Reste que, fidèle à son habitude, c'est un nouveau revirement sous la contrainte qu'elle a opéré, après avoir assuré à 108 reprises que «le Royaume-Uni sortira le 29 mars 2019». «Si vous persistez à retarder le Brexit, vous trahirez le vote du peuple britannique. Si vous ne le faites pas, vous honorerez sa décision. C'est entièrement entre vos mains. L'histoire vous jugera», l'a admonestée le député conservateur eurosceptique Peter Bone.

Pour Theresa May, la Chambre des communes «a passé trop de temps à débattre de l'Europe, il est temps qu'elle mette en œuvre le Brexit que le peuple mérite». Le chef de l'opposition Jeremy Corbyn dénonce une «crise nationale de grande ampleur due à l'incompétence, l'échec et l'intransigeance» de la première ministre.

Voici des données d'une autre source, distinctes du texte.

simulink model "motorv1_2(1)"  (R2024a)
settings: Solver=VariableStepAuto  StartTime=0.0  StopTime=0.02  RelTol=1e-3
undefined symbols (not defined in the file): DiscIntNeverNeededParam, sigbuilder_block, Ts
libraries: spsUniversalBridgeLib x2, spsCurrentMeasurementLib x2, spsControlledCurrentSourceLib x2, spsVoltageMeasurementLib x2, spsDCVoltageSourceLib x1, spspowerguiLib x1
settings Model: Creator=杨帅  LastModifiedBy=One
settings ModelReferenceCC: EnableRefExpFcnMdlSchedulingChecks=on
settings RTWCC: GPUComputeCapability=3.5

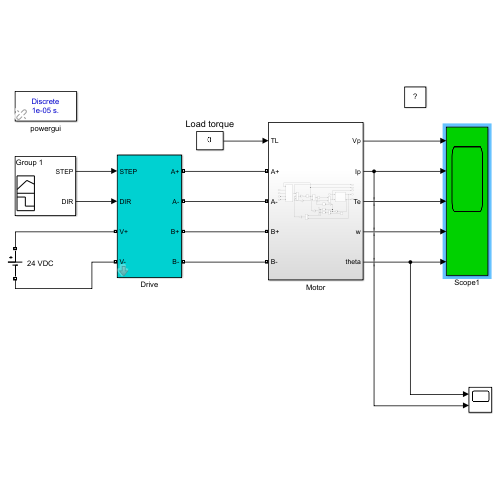
[thumbnail: Simulink's stored preview of the top-level diagram]
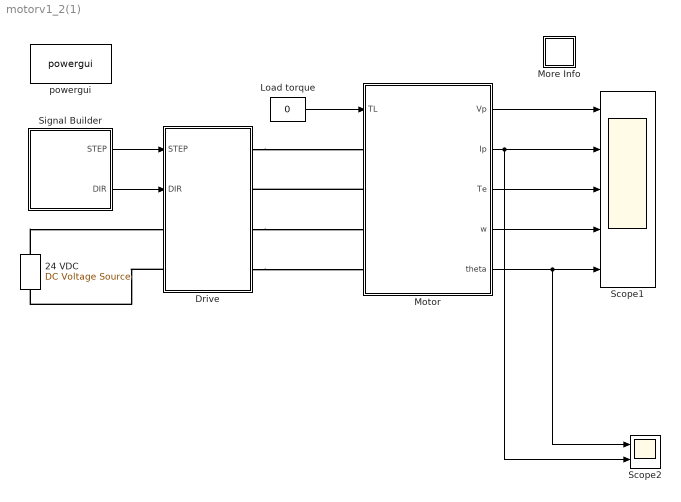
== system motorv1_2(1) ==
  24 VDC : spsDCVoltageSourceLib/DC Voltage Source  Amplitude=24  Measurements=None
  Drive : Subsystem  mask{Iref=2, step=500, Ts=Ts}
      mask prompts: Iref "Phase current (A)"; step "Stepping rate (step/s)"; Ts "Sampling time (s)"
      mask init:
      | Nstep=round(1/step/Ts);
  Load torque : Constant  Value=0
  More Info : Subsystem
      settings: OpenFcn=showdemo(bdroot(gcb))
      mask Display: disp('?')
  Motor : Subsystem
  Scope1 : Scope  NumInputPorts=5
  Scope2 : Scope  NumInputPorts=2
  Signal Builder : Subsystem  Tag=STV Subsys  LoadFcn=sigbuilder_block('load');  StartFcn=sigbuilder_block('start');  StopFcn=sigbuilder_block('stop');  ClipboardFcn=sigbuilder_block('clipboard');  mask(Sigbuilder block){tuvar=[0:10]}
      mask help: Sigbuilder GUI
      mask init:
      | if ~strcmp(get_param(bdroot(gcbh),'SimulationStatus'),'stopped') tuvar = sigbuilder_block('maskInit'); end
      settings: CopyFcn=sigbuilder_block('copy');  DeleteFcn=sigbuilder_block('delete');  ModelCloseFcn=sigbuilder_block('modelClose');  PreSaveFcn=sigbuilder_block('preSave');  PauseFcn=sigbuilder_block('pause')  ContinueFcn=sigbuilder_block('continue')  NameChangeFcn=sigbuilder_block('namechange');  OpenFcn=sigbuilder_block('open',[162.75 86 550.5 364 ]);  CloseFcn=sigbuilder_block('close');
      mask Display: plot(0, 0, 100, 100,[2, 2, 32, 32, 2], [68, 8, 8, 68, 68],[32, 2], [38, 38], [32, 19, 2],[53, 60, 44], [32, 17, 17, 2],[16, 16, 31, 31]);txt = getActiveGroup(gcbh);text(2, 100, txt,'verticalAlignment', 'top');
  powergui : spspowerguiLib/powergui  Priority=1  SimulationMode=Discrete  SampleTime=10e-6  frequency=60  Iterations=50  frequencyindice=0  Pbase=100e6  ErrMax=1e-4  UnitsV=kV  UnitsW=MW  buscounter=0  FunctionMessages=off  echomessages=off  EnableUseOfTLC=off  CurrentSourceSwitches=off  DisableSnubberDevices=off  DisableRonSwitches=off  DisableVfSwitches=off  DisplayEquations=off  AutomaticDiscreteSolvers=off  SolverType=Tustin/Backward Euler (TBE)  Interpol=off  ExternalGateDelay=off  methode=off  Ts=100  x0status=blocks  SPID=on  SwTol=0  HookPort=off  NonlinearTolerance=1e-4  nMaxIteration=100  ContinueOnMaxIteration=off  RestoreLinks=warning  ResistiveCurrentMeasurement=off  Frange=[0:2:500]  Ylog=off  Xlog=on  ShowGrid=off  save=off  variable=ZData  structure=0  ZoomFFT=off  StartTime=0.0  cycles=1  DisplayStyle=1  fundamental=60  FreqAxis=off  MaxFrequency=1000  frequencyindicesteady=1  RmsSteady=1  display=off
  wires:
  Signal Builder/1(STEP) -> Drive/1(STEP)
  Signal Builder/2(DIR) -> Drive/2(DIR)
  Load torque/1 -> Motor/1(TL)
  Motor/1(Vp) -> Scope1/1
  Motor/2(Ip) -> Scope2/2, Scope1/2
  Motor/3(Te) -> Scope1/3
  Motor/4(w) -> Scope1/4
  Motor/5(theta) -> Scope2/1, Scope1/5
  connections:
  Drive/RConn4 -- Motor/LConn4
  Motor/LConn2 -- Drive/RConn2
  Drive/RConn1 -- Motor/LConn1
  24 VDC/RConn1 -- Drive/LConn1
  Drive/LConn2 -- 24 VDC/LConn1
  Drive/RConn3 -- Motor/LConn3

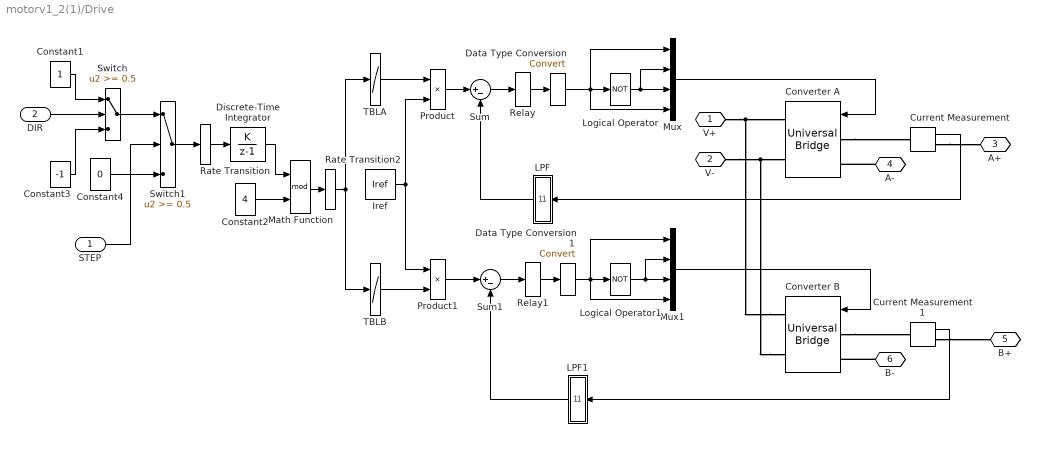
== system motorv1_2(1)/Drive ==
  STEP : Inport
  DIR : Inport  Port=2
  Constant1 : Constant  SampleTime=Ts
  Constant2 : Constant  Value=4  SampleTime=Nstep*Ts
  Constant3 : Constant  Value=-1  SampleTime=Ts
  Constant4 : Constant  Value=0  SampleTime=Ts
  Converter A : spsUniversalBridgeLib/Universal Bridge  Arms=2  SnubberResistance=10000  SnubberCapacitance=inf  Device=MOSFET / Diodes  Ron=1e-3*10  Lon=0  ForwardVoltages="[  0  0  ]"  ForwardVoltage=0  GTOparameters=[ 10e-6 , 20e-6 ]  IGBTparameters=[ 0.5e-6 , 0.5e-6 ]  Measurements=None  Measurements_2=None  converterType=Rectifier
  Converter B : spsUniversalBridgeLib/Universal Bridge  Arms=2  SnubberResistance=10000  SnubberCapacitance=inf  Device=MOSFET / Diodes  Ron=1e-3*10  Lon=0  ForwardVoltages="[  0  0  ]"  ForwardVoltage=0  GTOparameters=[ 10e-6 , 20e-6 ]  IGBTparameters=[ 0.5e-6 , 0.5e-6 ]  Measurements=None  Measurements_2=None  converterType=Rectifier
  Current Measurement : spsCurrentMeasurementLib/Current Measurement  PhasorSimulation=off  OutputType=Complex  PSBequivalent=0
  Current Measurement1 : spsCurrentMeasurementLib/Current Measurement  PhasorSimulation=off  OutputType=Complex  PSBequivalent=0
  Data Type Conversion : DataTypeConversion  SaturateOnIntegerOverflow=off  RndMeth=Floor
  Data Type Conversion1 : DataTypeConversion  SaturateOnIntegerOverflow=off  RndMeth=Floor
  Discrete-Time Integrator : DiscreteIntegrator  IntegratorMethod=Accumulation: Forward Euler  SampleTime=Nstep*Ts  ICPrevOutput=DiscIntNeverNeededParam  ICPrevScaledInput=DiscIntNeverNeededParam
  Iref : Constant  Value=Iref  SampleTime=Ts
  LPF : Subsystem  mask{fc=10000, Ts=Ts}
      mask prompts: fc "Cut-off frequency (Hz)"; Ts "Sampling time (s)"
      mask init:
      | % fa=tf(1,[1/2/pi/fc 1]);
      | % fn=c2d(fa,Ts);
      | % [NN,DD]=tfdata(fn,'v')
      | 
      | NN = [ 0,0.0609];
      | DD = [1.0000,-0.9391];
  LPF1 : Subsystem  mask{fc=10000, Ts=Ts}
      mask prompts: fc "Cut-off frequency (Hz)"; Ts "Sampling time (s)"
      mask init:
      | % fa=tf(1,[1/2/pi/fc 1]);
      | % fn=c2d(fa,Ts);
      | % [NN,DD]=tfdata(fn,'v')
      | 
      | NN = [ 0,0.0609];
      | DD = [1.0000,-0.9391];
  Logical Operator : Logic  Operator=NOT  AllPortsSameDT=off  OutDataTypeStr=boolean
  Logical Operator1 : Logic  Operator=NOT  AllPortsSameDT=off  OutDataTypeStr=boolean
  Math Function : Math  Operator=mod  SignedPower=on  SampleTime=Nstep*Ts
  Mux : Mux
  Mux1 : Mux
  Product : Product  RndMeth=Zero
  Product1 : Product  RndMeth=Zero
  Rate Transition : RateTransition
  Rate Transition2 : RateTransition
  Relay : Relay  OnSwitchValue=0.01  OffSwitchValue=-0.01
  Relay1 : Relay  OnSwitchValue=0.01  OffSwitchValue=-0.01  OutDataTypeStr=Inherit: Inherit via back propagation
  Sum : Sum  Inputs=|+-  OutDataTypeStr=Inherit: Same as first input
  Sum1 : Sum  Inputs=|+-  OutDataTypeStr=Inherit: Same as first input
  Switch : Switch  Threshold=0.5  ZeroCross=off  SampleTime=Ts  SaturateOnIntegerOverflow=off  InputSameDT=off
  Switch1 : Switch  Threshold=0.5  ZeroCross=off  SampleTime=Ts  SaturateOnIntegerOverflow=off  InputSameDT=off
  TBLA : Lookup_n-D  NumberOfTableDimensions=1  BreakpointsForDimension1=[0:3]  BreakpointsForDimension2=[0 571.55 685.8 800.15 914.4 1028.8 1143.1 1257.4 1371.7 1486 1600.3 1714.6 1828.9 1943.2 2057.5 2171.8 2286.1 2400.5 2514.7 2629.1 2743.3 2857.7 2971.9 3086.3 3200.5 3314.9 3429.2]  Table=[1 0 -1 0]  InternalRulePriority=Speed  RndMeth=Simplest
  TBLB : Lookup_n-D  NumberOfTableDimensions=1  BreakpointsForDimension1=[0:3]  BreakpointsForDimension2=[0 571.55 685.8 800.15 914.4 1028.8 1143.1 1257.4 1371.7 1486 1600.3 1714.6 1828.9 1943.2 2057.5 2171.8 2286.1 2400.5 2514.7 2629.1 2743.3 2857.7 2971.9 3086.3 3200.5 3314.9 3429.2]  Table=[0 1 0 -1]  InternalRulePriority=Speed  RndMeth=Simplest
  V+ : PMIOPort  Side=Left
  V- : PMIOPort  Port=2  Side=Left
  A+ : PMIOPort  Port=3  Side=Right
  A- : PMIOPort  Port=4  Side=Right
  B+ : PMIOPort  Port=5  Side=Right
  B- : PMIOPort  Port=6  Side=Right
  wires:
  Constant4/1 -> Switch1/3
  Switch1/1 -> Rate Transition/1
  Switch/1 -> Switch1/1
  STEP/1 -> Switch1/2
  DIR/1 -> Switch/2
  Rate Transition2/1 -> TBLB/1, TBLA/1
  Math Function/1 -> Rate Transition2/1
  Product1/1 -> Sum1/1
  Product/1 -> Sum/1
  Rate Transition/1 -> Discrete-Time Integrator/1
  Constant3/1 -> Switch/3
  Constant1/1 -> Switch/1
  Discrete-Time Integrator/1 -> Math Function/1
  Constant2/1 -> Math Function/2
  Iref/1 -> Product1/1, Product/2
  TBLB/1 -> Product1/2
  TBLA/1 -> Product/1
  LPF1/1(O) -> Sum1/2
  LPF/1(O) -> Sum/2
  Data Type Conversion1/1 -> Mux1/4, Mux1/1, Logical Operator1/1
  Data Type Conversion/1 -> Logical Operator/1, Mux/4, Mux/1
  Current Measurement1/1 -> LPF1/1(I)
  Sum1/1 -> Relay1/1
  Mux1/1 -> Converter B/1
  Logical Operator1/1 -> Mux1/2, Mux1/3
  Relay1/1 -> Data Type Conversion1/1
  Mux/1 -> Converter A/1
  Logical Operator/1 -> Mux/2, Mux/3
  Relay/1 -> Data Type Conversion/1
  Current Measurement/1 -> LPF/1(I)
  Sum/1 -> Relay/1
  connections:
  Converter B/RConn2 -- Converter A/RConn2 -- V-/RConn1
  Converter B/RConn1 -- Converter A/RConn1 -- V+/RConn1
  Current Measurement1/RConn1 -- B+/RConn1
  Converter B/LConn1 -- Current Measurement1/LConn1
  Current Measurement/RConn1 -- A+/RConn1
  Converter A/LConn1 -- Current Measurement/LConn1
  B-/RConn1 -- Converter B/LConn2
  A-/RConn1 -- Converter A/LConn2

== system motorv1_2(1)/More Info ==

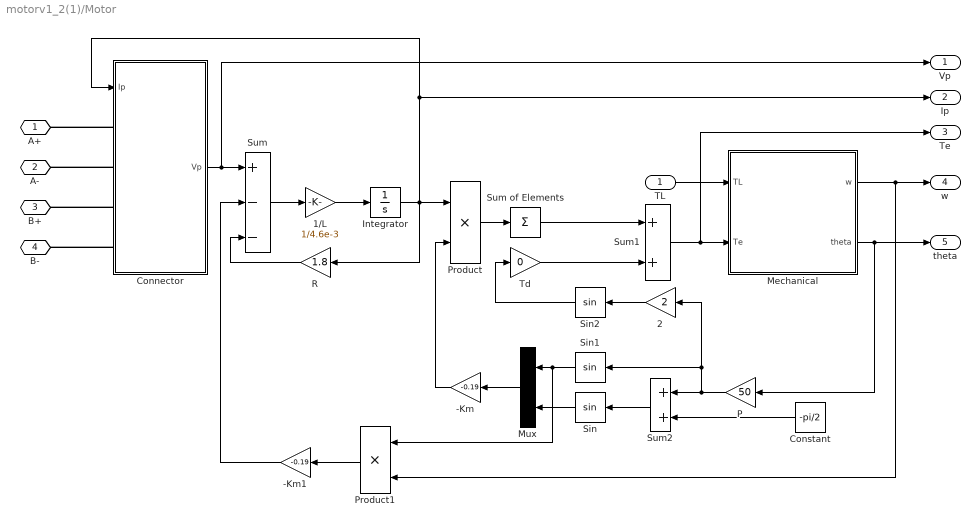
== system motorv1_2(1)/Motor ==
  TL : Inport
  -Km : Gain  Gain=-0.19
  -Km1 : Gain  Gain=-0.19
  1/L : Gain  Gain=1/4.6e-3
  2 : Gain  Gain=2
  Connector : Subsystem
  Constant : Constant  Value=-pi/2
  Integrator : Integrator
  Mechanical : Subsystem
  Mux : Mux  Inputs=2
  P : Gain  Gain=50
  Product : Product
  Product1 : Product
  R : Gain  Gain=1.8
  Sin : Trigonometry
  Sin1 : Trigonometry
  Sin2 : Trigonometry
  Sum : Sum  Inputs=+--
  Sum of Elements : Sum  Inputs=+
  Sum1 : Sum
  Sum2 : Sum
  Td : Gain  Gain=0
  A+ : PMIOPort  Side=Left
  A- : PMIOPort  Port=2  Side=Left
  B+ : PMIOPort  Port=3  Side=Left
  B- : PMIOPort  Port=4  Side=Left
  Vp : Outport
  Ip : Outport  Port=2
  Te : Outport  Port=3
  w : Outport  Port=4
  theta : Outport  Port=5
  wires:
  -Km/1 -> Product/2
  Sum/1 -> 1/L/1
  P/1 -> 2/1, Sin1/1, Sum2/1
  1/L/1 -> Integrator/1
  Mechanical/2(theta) -> theta/1, P/1
  Mechanical/1(w) -> Product1/2, w/1
  Product/1 -> Sum of Elements/1
  -Km1/1 -> Sum/2
  Sin2/1 -> Td/1
  Td/1 -> Sum1/2
  Sin1/1 -> Product1/1, Mux/1
  2/1 -> Sin2/1
  Integrator/1 -> Product/1, Ip/1, Connector/1(Ip), R/1
  Constant/1 -> Sum2/2
  Sum of Elements/1 -> Sum1/1
  Connector/1(Vp) -> Vp/1, Sum/1
  R/1 -> Sum/3
  Mux/1 -> -Km/1
  Sin/1 -> Mux/2
  Sum2/1 -> Sin/1
  Product1/1 -> -Km1/1
  Sum1/1 -> Te/1, Mechanical/2(Te)
  TL/1 -> Mechanical/1(TL)
  connections:
  Connector/LConn4 -- B-/RConn1
  Connector/LConn3 -- B+/RConn1
  Connector/LConn2 -- A-/RConn1
  Connector/LConn1 -- A+/RConn1

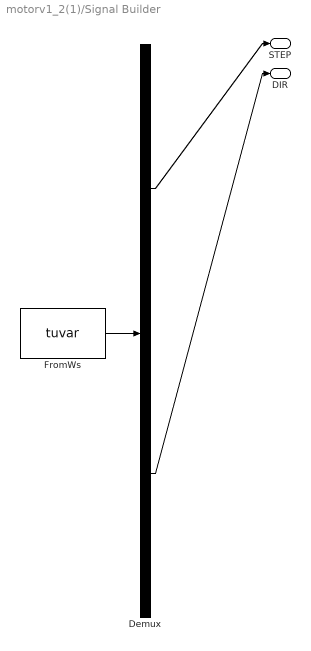
== system motorv1_2(1)/Signal Builder ==
  Demux : Demux  Tag=STV Demux  Outputs=2
      settings: DisplayOption=none
  FromWs : FromWorkspace  Tag=STV FromWs  VariableName=tuvar
      SigBuilderData=|
      | common.afterFinalStr = 'Extrapolate'
      | common.sampleTime = 0
      | dataSet.timeRange = [0 0.25]
      | dataSet.name = 'Group 1'
      | sbobj.Groups.Name = 'Group 1'
      | sbobj.Groups.Signals(1).Name = 'STEP'
      | sbobj.Groups.Signals(1).XData = [0 0.1 0.10001 0.15 0.15001 0.2 0.20001 0.25]
      | sbobj.Groups.Signals(1).YData = [1 1 0 0 1 1 0 0]
      | sbobj.Groups.Signals(2).Name = 'DIR'
      | sbobj.Groups.Signals(2).XData = [0 0.1 0.10001 0.25]
      | sbobj.Groups.Signals(2).YData = [1 1 0 0]
      | sbobj.Groups.TimeRange = [0 0.25]
  STEP : Outport  Tag=STV Outport  VectorParamsAs1DForOutWhenUnconnected=off
  DIR : Outport  Tag=STV Outport  Port=2  VectorParamsAs1DForOutWhenUnconnected=off
  wires:
  FromWs/1 -> Demux/1
  Demux/1 -> STEP/1
  Demux/2 -> DIR/1

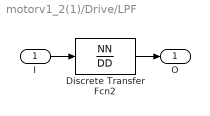
== system motorv1_2(1)/Drive/LPF ==
  I : Inport
  Discrete Transfer Fcn2 : DiscreteTransferFcn  Numerator=NN  Denominator=DD  SampleTime=Ts
  O : Outport  VectorParamsAs1DForOutWhenUnconnected=off
  wires:
  Discrete Transfer Fcn2/1 -> O/1
  I/1 -> Discrete Transfer Fcn2/1

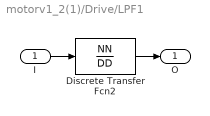
== system motorv1_2(1)/Drive/LPF1 ==
  I : Inport
  Discrete Transfer Fcn2 : DiscreteTransferFcn  Numerator=NN  Denominator=DD  SampleTime=Ts
  O : Outport  VectorParamsAs1DForOutWhenUnconnected=off
  wires:
  I/1 -> Discrete Transfer Fcn2/1
  Discrete Transfer Fcn2/1 -> O/1

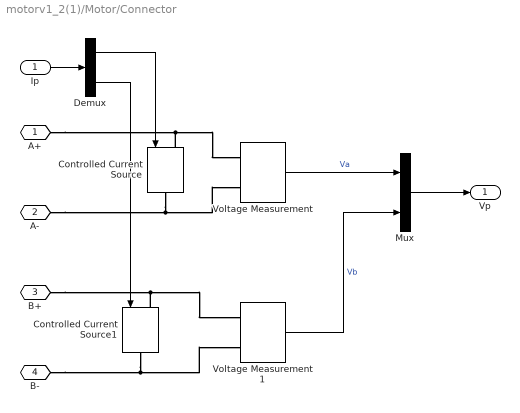
== system motorv1_2(1)/Motor/Connector ==
  Ip : Inport
  Controlled Current Source : spsControlledCurrentSourceLib/Controlled Current Source  Initialize=on  Source_Type=DC  Amplitude=2  Phase=0  Frequency=0  Measurements=None
  Controlled Current Source1 : spsControlledCurrentSourceLib/Controlled Current Source  Initialize=on  Source_Type=DC  Amplitude=2  Phase=0  Frequency=0  Measurements=None
  Demux : Demux  Outputs=2
  Mux : Mux  Inputs=2
  Voltage Measurement : spsVoltageMeasurementLib/Voltage Measurement  PhasorSimulation=off  OutputType=Complex  PSBequivalent=0
  Voltage Measurement1 : spsVoltageMeasurementLib/Voltage Measurement  PhasorSimulation=off  OutputType=Complex  PSBequivalent=0
  A+ : PMIOPort  Side=Left
  A- : PMIOPort  Port=2  Side=Left
  B+ : PMIOPort  Port=3  Side=Left
  B- : PMIOPort  Port=4  Side=Left
  Vp : Outport
  wires:
  Mux/1 -> Vp/1
  Ip/1 -> Demux/1
  Demux/1 -> Controlled Current Source/1
  Demux/2 -> Controlled Current Source1/1
  Voltage Measurement/1 -> Mux/1  "Va"
  Voltage Measurement1/1 -> Mux/2  "Vb"
  connections:
  A+/RConn1 -- Controlled Current Source/LConn1 -- Voltage Measurement/LConn1
  A-/RConn1 -- Controlled Current Source/RConn1 -- Voltage Measurement/LConn2
  B+/RConn1 -- Voltage Measurement1/LConn1 -- Controlled Current Source1/LConn1
  B-/RConn1 -- Controlled Current Source1/RConn1 -- Voltage Measurement1/LConn2

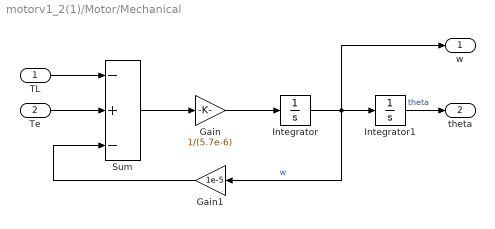
== system motorv1_2(1)/Motor/Mechanical ==
  TL : Inport
  Te : Inport  Port=2
  Gain : Gain  Gain=1/(5.7e-6)
  Gain1 : Gain  Gain=1e-5
  Integrator : Integrator
  Integrator1 : Integrator
  Sum : Sum  Inputs=-+-
  w : Outport
  theta : Outport  Port=2
  wires:
  Te/1 -> Sum/2
  TL/1 -> Sum/1
  Sum/1 -> Gain/1
  Gain/1 -> Integrator/1
  Integrator/1 -> Gain1/1, w/1, Integrator1/1  "w"
  Integrator1/1 -> theta/1  "theta"
  Gain1/1 -> Sum/3

Cette décision en faveur d'un report court pourrait accroître le risque de sortie sans accord. Les partisans de cette option vont sentir la pression diminuer pour les forcer à ratifier l'accord de sortie, plutôt que de devoir rester de longs mois ou plus au sein de l'UE, ce qui aurait laissé le temps à un nouveau référendum ou à une annulation du Brexit.